Assignment: Take the data below and extract the lines from the one with "#123=EDGE_CURVE('E95',#116,#41,#122,.T.);" to the one with "#131=DIRECTION('',(0.,0.,-1.));", inclusive, exactly as written.

Source data:
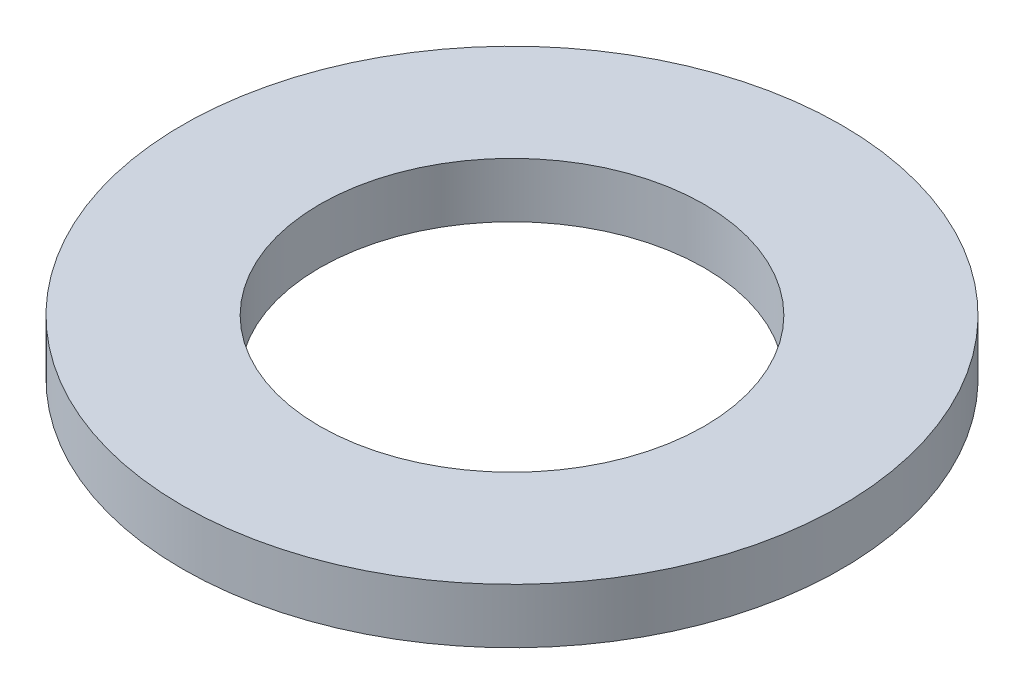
ISO-10303-21;
HEADER;
FILE_DESCRIPTION(('STEP AP214'),'2;1');
FILE_NAME('part.step','',(''),(''),'','','');
FILE_SCHEMA(('AUTOMOTIVE_DESIGN { 1 0 10303 214 1 1 1 1 }'));
ENDSEC;
DATA;
#1=APPLICATION_CONTEXT('core data for automotive mechanical design processes');
#2=APPLICATION_PROTOCOL_DEFINITION('international standard','automotive_design',2000,#1);
#3=PRODUCT_CONTEXT('',#1,'mechanical');
#4=PRODUCT('Part','Part','',(#3));
#5=PRODUCT_RELATED_PRODUCT_CATEGORY('part','',(#4));
#6=PRODUCT_DEFINITION_FORMATION('','',#4);
#7=PRODUCT_DEFINITION_CONTEXT('part definition',#1,'design');
#8=PRODUCT_DEFINITION('design','',#6,#7);
#9=PRODUCT_DEFINITION_SHAPE('','',#8);
#10=(LENGTH_UNIT() NAMED_UNIT(*) SI_UNIT(.MILLI.,.METRE.));
#11=(NAMED_UNIT(*) PLANE_ANGLE_UNIT() SI_UNIT($,.RADIAN.));
#12=(NAMED_UNIT(*) SI_UNIT($,.STERADIAN.) SOLID_ANGLE_UNIT());
#13=UNCERTAINTY_MEASURE_WITH_UNIT(LENGTH_MEASURE(1.E-05),#10,'distance_accuracy_value','');
#14=(GEOMETRIC_REPRESENTATION_CONTEXT(3) GLOBAL_UNCERTAINTY_ASSIGNED_CONTEXT((#13)) GLOBAL_UNIT_ASSIGNED_CONTEXT((#10,
#11,#12)) REPRESENTATION_CONTEXT('',''));
#15=CARTESIAN_POINT('',(0.,0.,0.));
#16=DIRECTION('',(0.,0.,1.));
#17=DIRECTION('',(1.,0.,0.));
#18=AXIS2_PLACEMENT_3D('',#15,#16,#17);
#19=CARTESIAN_POINT('',(0.,10.,0.));
#20=DIRECTION('',(0.,1.,0.));
#21=DIRECTION('',(0.,0.,1.));
#22=AXIS2_PLACEMENT_3D('',#19,#20,#21);
#23=PLANE('',#22);
#24=CARTESIAN_POINT('',(0.,10.,0.));
#25=DIRECTION('',(0.,1.,0.));
#26=DIRECTION('',(0.,0.,1.));
#27=AXIS2_PLACEMENT_3D('',#24,#25,#26);
#28=CIRCLE('',#27,60.);
#29=CARTESIAN_POINT('',(0.,10.,60.));
#30=VERTEX_POINT('',#29);
#31=EDGE_CURVE('E10',#30,#30,#28,.T.);
#32=ORIENTED_EDGE('',*,*,#31,.T.);
#33=EDGE_LOOP('',(#32));
#34=FACE_BOUND('',#33,.T.);
#35=CARTESIAN_POINT('',(0.,10.,0.));
#36=DIRECTION('',(0.,1.,0.));
#37=DIRECTION('',(0.,0.,1.));
#38=AXIS2_PLACEMENT_3D('',#35,#36,#37);
#39=CIRCLE('',#38,35.);
#40=CARTESIAN_POINT('',(0.,10.,35.));
#41=VERTEX_POINT('',#40);
#42=EDGE_CURVE('E39',#41,#41,#39,.T.);
#43=ORIENTED_EDGE('',*,*,#42,.F.);
#44=EDGE_LOOP('',(#43));
#45=FACE_BOUND('',#44,.T.);
#46=ADVANCED_FACE('F28',(#34,#45),#23,.T.);
#47=CARTESIAN_POINT('',(0.,0.,0.));
#48=DIRECTION('',(0.,1.,0.));
#49=DIRECTION('',(0.,0.,1.));
#50=AXIS2_PLACEMENT_3D('',#47,#48,#49);
#51=PLANE('',#50);
#52=CARTESIAN_POINT('',(0.,0.,0.));
#53=DIRECTION('',(0.,1.,0.));
#54=DIRECTION('',(0.,0.,1.));
#55=AXIS2_PLACEMENT_3D('',#52,#53,#54);
#56=CIRCLE('',#55,60.);
#57=CARTESIAN_POINT('',(0.,0.,60.));
#58=VERTEX_POINT('',#57);
#59=EDGE_CURVE('E35',#58,#58,#56,.T.);
#60=ORIENTED_EDGE('',*,*,#59,.F.);
#61=EDGE_LOOP('',(#60));
#62=FACE_BOUND('',#61,.T.);
#63=CARTESIAN_POINT('',(0.,0.,0.));
#64=DIRECTION('',(0.,1.,0.));
#65=DIRECTION('',(0.,0.,1.));
#66=AXIS2_PLACEMENT_3D('',#63,#64,#65);
#67=CIRCLE('',#66,35.);
#68=CARTESIAN_POINT('',(0.,0.,35.));
#69=VERTEX_POINT('',#68);
#70=EDGE_CURVE('E43',#69,#69,#67,.T.);
#71=ORIENTED_EDGE('',*,*,#70,.T.);
#72=EDGE_LOOP('',(#71));
#73=FACE_BOUND('',#72,.T.);
#74=ADVANCED_FACE('F49',(#62,#73),#51,.F.);
#75=CARTESIAN_POINT('',(0.,10.,0.));
#76=DIRECTION('',(0.,-1.,0.));
#77=DIRECTION('',(0.,0.,-1.));
#78=AXIS2_PLACEMENT_3D('',#75,#76,#77);
#79=CYLINDRICAL_SURFACE('',#78,60.);
#80=ORIENTED_EDGE('',*,*,#31,.F.);
#81=EDGE_LOOP('',(#80));
#82=FACE_BOUND('',#81,.T.);
#83=ORIENTED_EDGE('',*,*,#59,.T.);
#84=EDGE_LOOP('',(#83));
#85=FACE_BOUND('',#84,.T.);
#86=ADVANCED_FACE('F30',(#82,#85),#79,.T.);
#87=CARTESIAN_POINT('',(0.,10.,0.));
#88=DIRECTION('',(0.,-1.,0.));
#89=DIRECTION('',(0.,0.,-1.));
#90=AXIS2_PLACEMENT_3D('',#87,#88,#89);
#91=CYLINDRICAL_SURFACE('',#90,35.);
#92=ORIENTED_EDGE('',*,*,#42,.T.);
#93=EDGE_LOOP('',(#92));
#94=FACE_BOUND('',#93,.T.);
#95=ORIENTED_EDGE('',*,*,#70,.F.);
#96=EDGE_LOOP('',(#95));
#97=FACE_BOUND('',#96,.T.);
#98=ADVANCED_FACE('F51',(#94,#97),#91,.F.);
#99=CLOSED_SHELL('',(#46,#74,#86,#98));
#100=MANIFOLD_SOLID_BREP('B2',#99);
#101=ADVANCED_BREP_SHAPE_REPRESENTATION('',(#18,#100),#14);
#102=SHAPE_DEFINITION_REPRESENTATION(#9,#101);
ENDSEC;
END-ISO-10303-21;
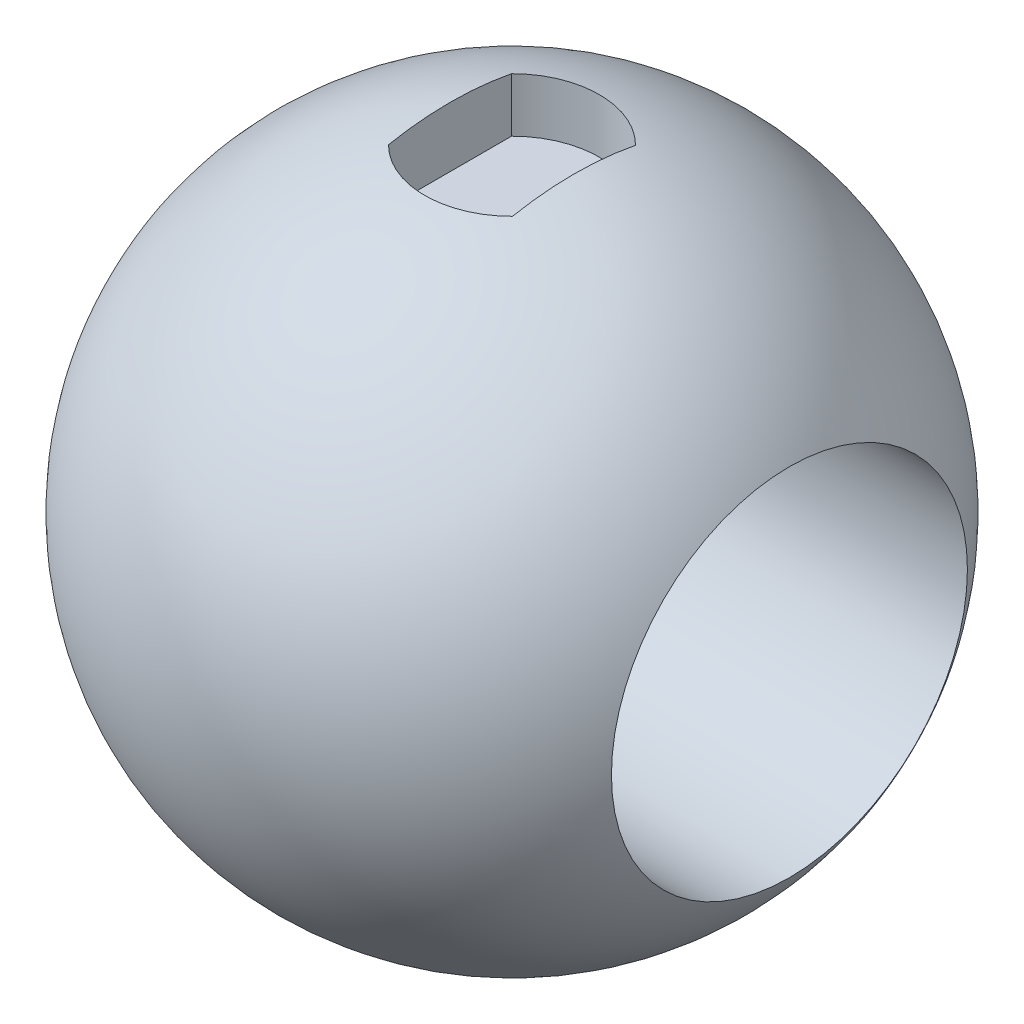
ISO-10303-21;
HEADER;
FILE_DESCRIPTION(('STEP AP214'),'2;1');
FILE_NAME('part.step','',(''),(''),'','','');
FILE_SCHEMA(('AUTOMOTIVE_DESIGN { 1 0 10303 214 1 1 1 1 }'));
ENDSEC;
DATA;
#1=APPLICATION_CONTEXT('core data for automotive mechanical design processes');
#2=APPLICATION_PROTOCOL_DEFINITION('international standard','automotive_design',2000,#1);
#3=PRODUCT_CONTEXT('',#1,'mechanical');
#4=PRODUCT('Part','Part','',(#3));
#5=PRODUCT_RELATED_PRODUCT_CATEGORY('part','',(#4));
#6=PRODUCT_DEFINITION_FORMATION('','',#4);
#7=PRODUCT_DEFINITION_CONTEXT('part definition',#1,'design');
#8=PRODUCT_DEFINITION('design','',#6,#7);
#9=PRODUCT_DEFINITION_SHAPE('','',#8);
#10=(LENGTH_UNIT() NAMED_UNIT(*) SI_UNIT(.MILLI.,.METRE.));
#11=(NAMED_UNIT(*) PLANE_ANGLE_UNIT() SI_UNIT($,.RADIAN.));
#12=(NAMED_UNIT(*) SI_UNIT($,.STERADIAN.) SOLID_ANGLE_UNIT());
#13=UNCERTAINTY_MEASURE_WITH_UNIT(LENGTH_MEASURE(1.E-05),#10,'distance_accuracy_value','');
#14=(GEOMETRIC_REPRESENTATION_CONTEXT(3) GLOBAL_UNCERTAINTY_ASSIGNED_CONTEXT((#13)) GLOBAL_UNIT_ASSIGNED_CONTEXT((#10,
#11,#12)) REPRESENTATION_CONTEXT('',''));
#15=CARTESIAN_POINT('',(0.,0.,0.));
#16=DIRECTION('',(0.,0.,1.));
#17=DIRECTION('',(1.,0.,0.));
#18=AXIS2_PLACEMENT_3D('',#15,#16,#17);
#19=CARTESIAN_POINT('',(0.,0.,0.));
#20=DIRECTION('',(-1.,0.,0.));
#21=DIRECTION('',(0.,1.,0.));
#22=AXIS2_PLACEMENT_3D('',#19,#20,#21);
#23=SPHERICAL_SURFACE('',#22,30.);
#24=CARTESIAN_POINT('',(-5.64291591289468,0.,0.));
#25=DIRECTION('',(-1.,0.,0.));
#26=DIRECTION('',(0.,0.,1.));
#27=AXIS2_PLACEMENT_3D('',#24,#25,#26);
#28=CIRCLE('',#27,29.4645125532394);
#29=CARTESIAN_POINT('',(-5.64291591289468,28.9274523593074,5.6));
#30=VERTEX_POINT('',#29);
#31=CARTESIAN_POINT('',(-5.64291591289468,28.9274523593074,-5.6));
#32=VERTEX_POINT('',#31);
#33=EDGE_CURVE('E104',#30,#32,#28,.T.);
#34=ORIENTED_EDGE('',*,*,#33,.T.);
#35=CARTESIAN_POINT('',(0.,28.9274523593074,0.));
#36=DIRECTION('',(0.,-1.,0.));
#37=DIRECTION('',(0.,0.,-1.));
#38=AXIS2_PLACEMENT_3D('',#35,#36,#37);
#39=CIRCLE('',#38,7.95);
#40=CARTESIAN_POINT('',(5.64291591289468,28.9274523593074,-5.6));
#41=VERTEX_POINT('',#40);
#42=EDGE_CURVE('E12',#32,#41,#39,.T.);
#43=ORIENTED_EDGE('',*,*,#42,.T.);
#44=CARTESIAN_POINT('',(5.64291591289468,0.,0.));
#45=DIRECTION('',(1.,0.,0.));
#46=DIRECTION('',(0.,0.,-1.));
#47=AXIS2_PLACEMENT_3D('',#44,#45,#46);
#48=CIRCLE('',#47,29.4645125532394);
#49=CARTESIAN_POINT('',(5.64291591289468,28.9274523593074,5.6));
#50=VERTEX_POINT('',#49);
#51=EDGE_CURVE('E40',#41,#50,#48,.T.);
#52=ORIENTED_EDGE('',*,*,#51,.T.);
#53=CARTESIAN_POINT('',(0.,28.9274523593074,0.));
#54=DIRECTION('',(0.,-1.,0.));
#55=DIRECTION('',(0.,0.,-1.));
#56=AXIS2_PLACEMENT_3D('',#53,#54,#55);
#57=CIRCLE('',#56,7.95);
#58=EDGE_CURVE('E108',#50,#30,#57,.T.);
#59=ORIENTED_EDGE('',*,*,#58,.T.);
#60=EDGE_LOOP('',(#34,#43,#52,#59));
#61=FACE_BOUND('',#60,.T.);
#62=CARTESIAN_POINT('',(25.25,0.,0.));
#63=DIRECTION('',(1.,0.,0.));
#64=DIRECTION('',(0.,1.,0.));
#65=AXIS2_PLACEMENT_3D('',#62,#63,#64);
#66=CIRCLE('',#65,16.1999228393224);
#67=CARTESIAN_POINT('',(25.25,16.1999228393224,0.));
#68=VERTEX_POINT('',#67);
#69=EDGE_CURVE('E97',#68,#68,#66,.T.);
#70=ORIENTED_EDGE('',*,*,#69,.F.);
#71=EDGE_LOOP('',(#70));
#72=FACE_BOUND('',#71,.T.);
#73=CARTESIAN_POINT('',(-25.25,0.,0.));
#74=DIRECTION('',(1.,0.,0.));
#75=DIRECTION('',(0.,1.,0.));
#76=AXIS2_PLACEMENT_3D('',#73,#74,#75);
#77=CIRCLE('',#76,16.1999228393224);
#78=CARTESIAN_POINT('',(-25.25,16.1999228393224,0.));
#79=VERTEX_POINT('',#78);
#80=EDGE_CURVE('E101',#79,#79,#77,.T.);
#81=ORIENTED_EDGE('',*,*,#80,.T.);
#82=EDGE_LOOP('',(#81));
#83=FACE_BOUND('',#82,.T.);
#84=ADVANCED_FACE('F33',(#61,#72,#83),#23,.T.);
#85=CARTESIAN_POINT('',(-25.25,0.,0.));
#86=DIRECTION('',(1.,0.,0.));
#87=DIRECTION('',(0.,1.,0.));
#88=AXIS2_PLACEMENT_3D('',#85,#86,#87);
#89=CYLINDRICAL_SURFACE('',#88,16.1999228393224);
#90=ORIENTED_EDGE('',*,*,#80,.F.);
#91=EDGE_LOOP('',(#90));
#92=FACE_BOUND('',#91,.T.);
#93=ORIENTED_EDGE('',*,*,#69,.T.);
#94=EDGE_LOOP('',(#93));
#95=FACE_BOUND('',#94,.T.);
#96=ADVANCED_FACE('F122',(#92,#95),#89,.F.);
#97=CARTESIAN_POINT('',(0.,24.,0.));
#98=DIRECTION('',(0.,1.,0.));
#99=DIRECTION('',(0.,0.,1.));
#100=AXIS2_PLACEMENT_3D('',#97,#98,#99);
#101=CYLINDRICAL_SURFACE('',#100,7.95);
#102=DIRECTION('',(0.,1.,0.));
#103=VECTOR('',#102,1.);
#104=CARTESIAN_POINT('',(-5.64291591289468,24.,-5.6));
#105=LINE('',#104,#103);
#106=CARTESIAN_POINT('',(-5.64291591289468,24.,-5.6));
#107=VERTEX_POINT('',#106);
#108=EDGE_CURVE('E47',#107,#32,#105,.T.);
#109=ORIENTED_EDGE('',*,*,#108,.F.);
#110=CARTESIAN_POINT('',(0.,24.,0.));
#111=DIRECTION('',(0.,1.,0.));
#112=DIRECTION('',(0.,0.,-1.));
#113=AXIS2_PLACEMENT_3D('',#110,#111,#112);
#114=CIRCLE('',#113,7.95);
#115=CARTESIAN_POINT('',(5.64291591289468,24.,-5.6));
#116=VERTEX_POINT('',#115);
#117=EDGE_CURVE('E74',#116,#107,#114,.T.);
#118=ORIENTED_EDGE('',*,*,#117,.F.);
#119=DIRECTION('',(0.,1.,0.));
#120=VECTOR('',#119,1.);
#121=CARTESIAN_POINT('',(5.64291591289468,24.,-5.6));
#122=LINE('',#121,#120);
#123=EDGE_CURVE('E95',#116,#41,#122,.T.);
#124=ORIENTED_EDGE('',*,*,#123,.T.);
#125=ORIENTED_EDGE('',*,*,#42,.F.);
#126=EDGE_LOOP('',(#109,#118,#124,#125));
#127=FACE_BOUND('',#126,.T.);
#128=ADVANCED_FACE('F72',(#127),#101,.F.);
#129=CARTESIAN_POINT('',(5.64291591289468,24.,5.6));
#130=DIRECTION('',(1.,0.,0.));
#131=DIRECTION('',(0.,0.,-1.));
#132=AXIS2_PLACEMENT_3D('',#129,#130,#131);
#133=PLANE('',#132);
#134=ORIENTED_EDGE('',*,*,#123,.F.);
#135=DIRECTION('',(0.,0.,-1.));
#136=VECTOR('',#135,1.);
#137=CARTESIAN_POINT('',(5.64291591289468,24.,5.6));
#138=LINE('',#137,#136);
#139=CARTESIAN_POINT('',(5.64291591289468,24.,5.6));
#140=VERTEX_POINT('',#139);
#141=EDGE_CURVE('E78',#140,#116,#138,.T.);
#142=ORIENTED_EDGE('',*,*,#141,.F.);
#143=DIRECTION('',(0.,1.,0.));
#144=VECTOR('',#143,1.);
#145=CARTESIAN_POINT('',(5.64291591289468,24.,5.6));
#146=LINE('',#145,#144);
#147=EDGE_CURVE('E98',#140,#50,#146,.T.);
#148=ORIENTED_EDGE('',*,*,#147,.T.);
#149=ORIENTED_EDGE('',*,*,#51,.F.);
#150=EDGE_LOOP('',(#134,#142,#148,#149));
#151=FACE_BOUND('',#150,.T.);
#152=ADVANCED_FACE('F114',(#151),#133,.F.);
#153=CARTESIAN_POINT('',(0.,24.,0.));
#154=DIRECTION('',(0.,1.,0.));
#155=DIRECTION('',(0.,0.,1.));
#156=AXIS2_PLACEMENT_3D('',#153,#154,#155);
#157=CYLINDRICAL_SURFACE('',#156,7.95);
#158=ORIENTED_EDGE('',*,*,#147,.F.);
#159=CARTESIAN_POINT('',(0.,24.,0.));
#160=DIRECTION('',(0.,1.,0.));
#161=DIRECTION('',(0.,0.,1.));
#162=AXIS2_PLACEMENT_3D('',#159,#160,#161);
#163=CIRCLE('',#162,7.95);
#164=CARTESIAN_POINT('',(-5.64291591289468,24.,5.6));
#165=VERTEX_POINT('',#164);
#166=EDGE_CURVE('E87',#165,#140,#163,.T.);
#167=ORIENTED_EDGE('',*,*,#166,.F.);
#168=DIRECTION('',(0.,1.,0.));
#169=VECTOR('',#168,1.);
#170=CARTESIAN_POINT('',(-5.64291591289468,24.,5.6));
#171=LINE('',#170,#169);
#172=EDGE_CURVE('E77',#165,#30,#171,.T.);
#173=ORIENTED_EDGE('',*,*,#172,.T.);
#174=ORIENTED_EDGE('',*,*,#58,.F.);
#175=EDGE_LOOP('',(#158,#167,#173,#174));
#176=FACE_BOUND('',#175,.T.);
#177=ADVANCED_FACE('F113',(#176),#157,.F.);
#178=CARTESIAN_POINT('',(-5.64291591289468,24.,5.6));
#179=DIRECTION('',(-1.,0.,0.));
#180=DIRECTION('',(0.,0.,1.));
#181=AXIS2_PLACEMENT_3D('',#178,#179,#180);
#182=PLANE('',#181);
#183=ORIENTED_EDGE('',*,*,#172,.F.);
#184=DIRECTION('',(0.,0.,1.));
#185=VECTOR('',#184,1.);
#186=CARTESIAN_POINT('',(-5.64291591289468,24.,5.6));
#187=LINE('',#186,#185);
#188=EDGE_CURVE('E81',#107,#165,#187,.T.);
#189=ORIENTED_EDGE('',*,*,#188,.F.);
#190=ORIENTED_EDGE('',*,*,#108,.T.);
#191=ORIENTED_EDGE('',*,*,#33,.F.);
#192=EDGE_LOOP('',(#183,#189,#190,#191));
#193=FACE_BOUND('',#192,.T.);
#194=ADVANCED_FACE('F82',(#193),#182,.F.);
#195=CARTESIAN_POINT('',(0.,24.,0.));
#196=DIRECTION('',(0.,-1.,0.));
#197=DIRECTION('',(0.,0.,-1.));
#198=AXIS2_PLACEMENT_3D('',#195,#196,#197);
#199=PLANE('',#198);
#200=ORIENTED_EDGE('',*,*,#117,.T.);
#201=ORIENTED_EDGE('',*,*,#188,.T.);
#202=ORIENTED_EDGE('',*,*,#166,.T.);
#203=ORIENTED_EDGE('',*,*,#141,.T.);
#204=EDGE_LOOP('',(#200,#201,#202,#203));
#205=FACE_BOUND('',#204,.T.);
#206=ADVANCED_FACE('F89',(#205),#199,.F.);
#207=CLOSED_SHELL('',(#84,#96,#128,#152,#177,#194,#206));
#208=MANIFOLD_SOLID_BREP('B2',#207);
#209=ADVANCED_BREP_SHAPE_REPRESENTATION('',(#18,#208),#14);
#210=SHAPE_DEFINITION_REPRESENTATION(#9,#209);
ENDSEC;
END-ISO-10303-21;

Answer to the exercise:
#123=EDGE_CURVE('E95',#116,#41,#122,.T.);
#124=ORIENTED_EDGE('',*,*,#123,.T.);
#125=ORIENTED_EDGE('',*,*,#42,.F.);
#126=EDGE_LOOP('',(#109,#118,#124,#125));
#127=FACE_BOUND('',#126,.T.);
#128=ADVANCED_FACE('F72',(#127),#101,.F.);
#129=CARTESIAN_POINT('',(5.64291591289468,24.,5.6));
#130=DIRECTION('',(1.,0.,0.));
#131=DIRECTION('',(0.,0.,-1.));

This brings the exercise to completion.